Halka sürekli onlar yargıçlık etsin. Büyük davaları sana getirsinler, küçük davaları kendileri çözsünler. Böylece işini paylaşmış olurlar. Yükün hafifler.
23 Si hoc feceris, implebis imperium Dei, et præcepta ejus poteris sustentare: et omnis hic populus revertetur ad loca sua cum pace.
Eğer böyle yaparsan, Tanrı da buyurursa, dayanabilirsin. Herkes esenlik içinde evine döner.”
24 Quibus auditis, Moyses fecit omnia quæ ille suggesserat.
Musa kayınbabasının sözünü dinledi. Söylediği her şeyi yerine getirdi.
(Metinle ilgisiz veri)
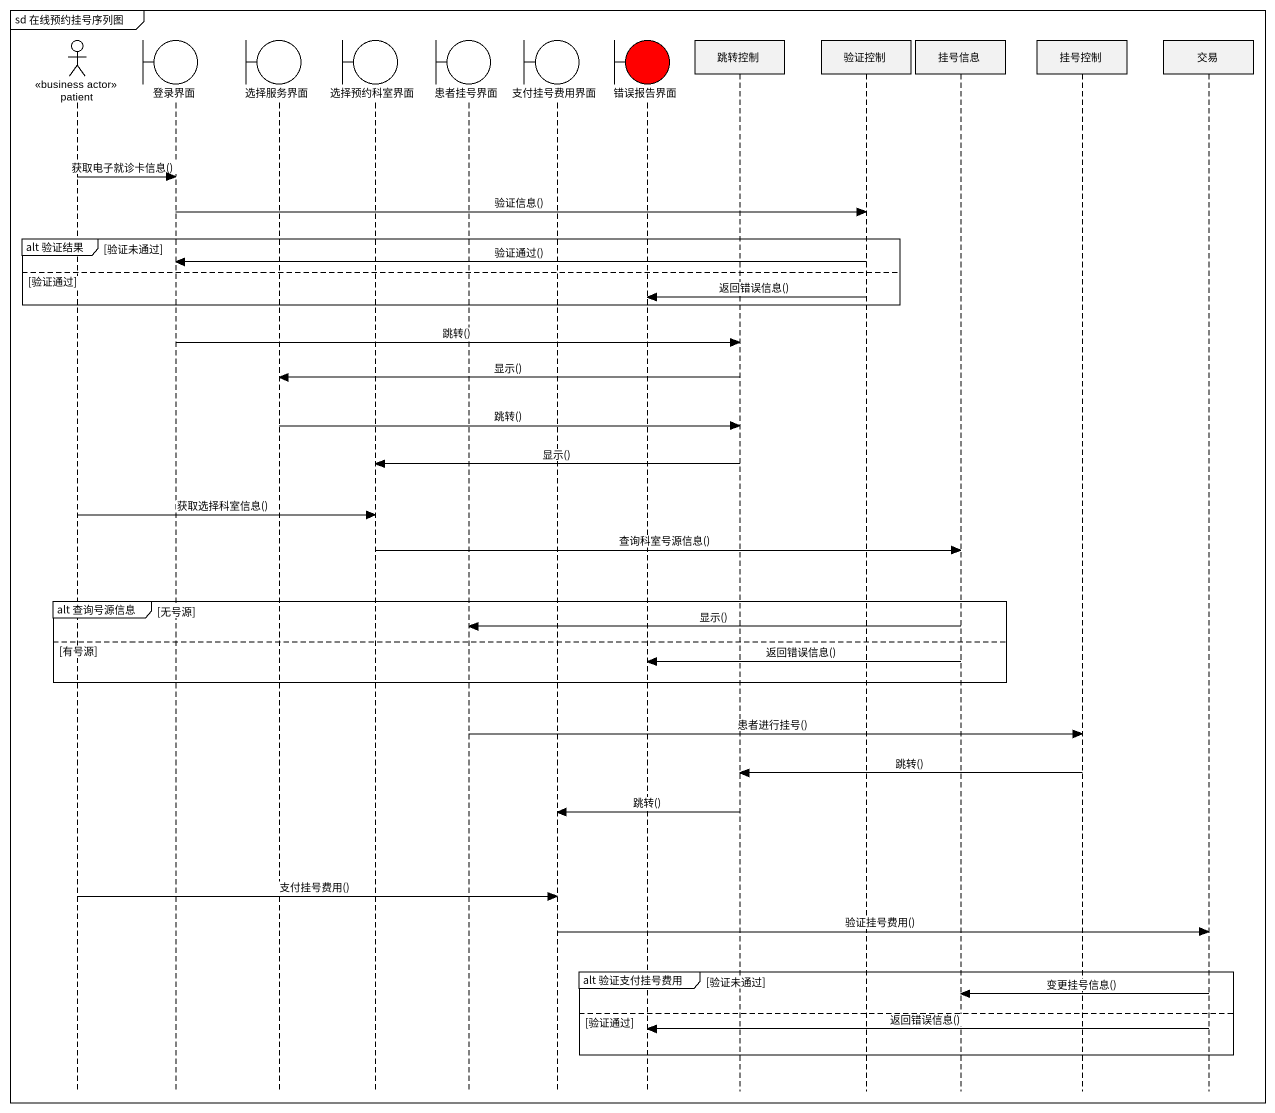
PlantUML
@startuml
mainframe sd 在线预约挂号序列图
hide footbox
actor patient <<business actor>>
boundary 登录界面
boundary 选择服务界面
boundary 选择预约科室界面
boundary 患者挂号界面
boundary 支付挂号费用界面
boundary 错误报告界面 #FF0000
participant 跳转控制
participant 验证控制
participant 挂号信息
participant 挂号控制
participant 交易

patient -> 登录界面 : 获取电子就诊卡信息()
登录界面 -> 验证控制 : 验证信息()
group alt 验证结果 [验证未通过]
  验证控制 -> 登录界面 : 验证通过()
else 验证通过
  验证控制 -> 错误报告界面 : 返回错误信息()
end
登录界面 -> 跳转控制 : 跳转()
跳转控制 -> 选择服务界面 : 显示()
选择服务界面 -> 跳转控制 : 跳转()
跳转控制 -> 选择预约科室界面 : 显示()
patient -> 选择预约科室界面 : 获取选择科室信息()
选择预约科室界面 -> 挂号信息 : 查询科室号源信息()
group alt 查询号源信息 [无号源]
  挂号信息 -> 患者挂号界面 : 显示()
else 有号源
  挂号信息 -> 错误报告界面 : 返回错误信息()
end
患者挂号界面 -> 挂号控制 : 患者进行挂号()
挂号控制 -> 跳转控制 : 跳转()
跳转控制 -> 支付挂号费用界面 : 跳转()
patient -> 支付挂号费用界面 : 支付挂号费用()
支付挂号费用界面 -> 交易 : 验证挂号费用()
group alt 验证支付挂号费用 [验证未通过]
  交易 -> 挂号信息 : 变更挂号信息()
else 验证通过
  交易 -> 错误报告界面 : 返回错误信息()
end
@enduml

25 Et electis viris strenuis de cuncto Israël, constituit eos principes populi, tribunos, et centuriones, et quinquagenarios, et decanos.
İsrailliler arasından yetenekli adamlar seçti. Onları biner, yüzer, ellişer, onar kişilik toplulukların başına önder atadı.
26 Qui judicabant plebem omni tempore: quidquid autem gravius erat, referebant ad eum, faciliora tantummodo judicantes.
Halka sürekli yargıçlık eden bu kişiler zor davaları Musa'ya getirdiler, küçük davaları ise kendileri çözdüler.
27 Dimisitque cognatum suum: qui reversus abiit in terram suam.
Sonra Musa kayınbabasını uğurladı. Yitro da ülkesine döndü.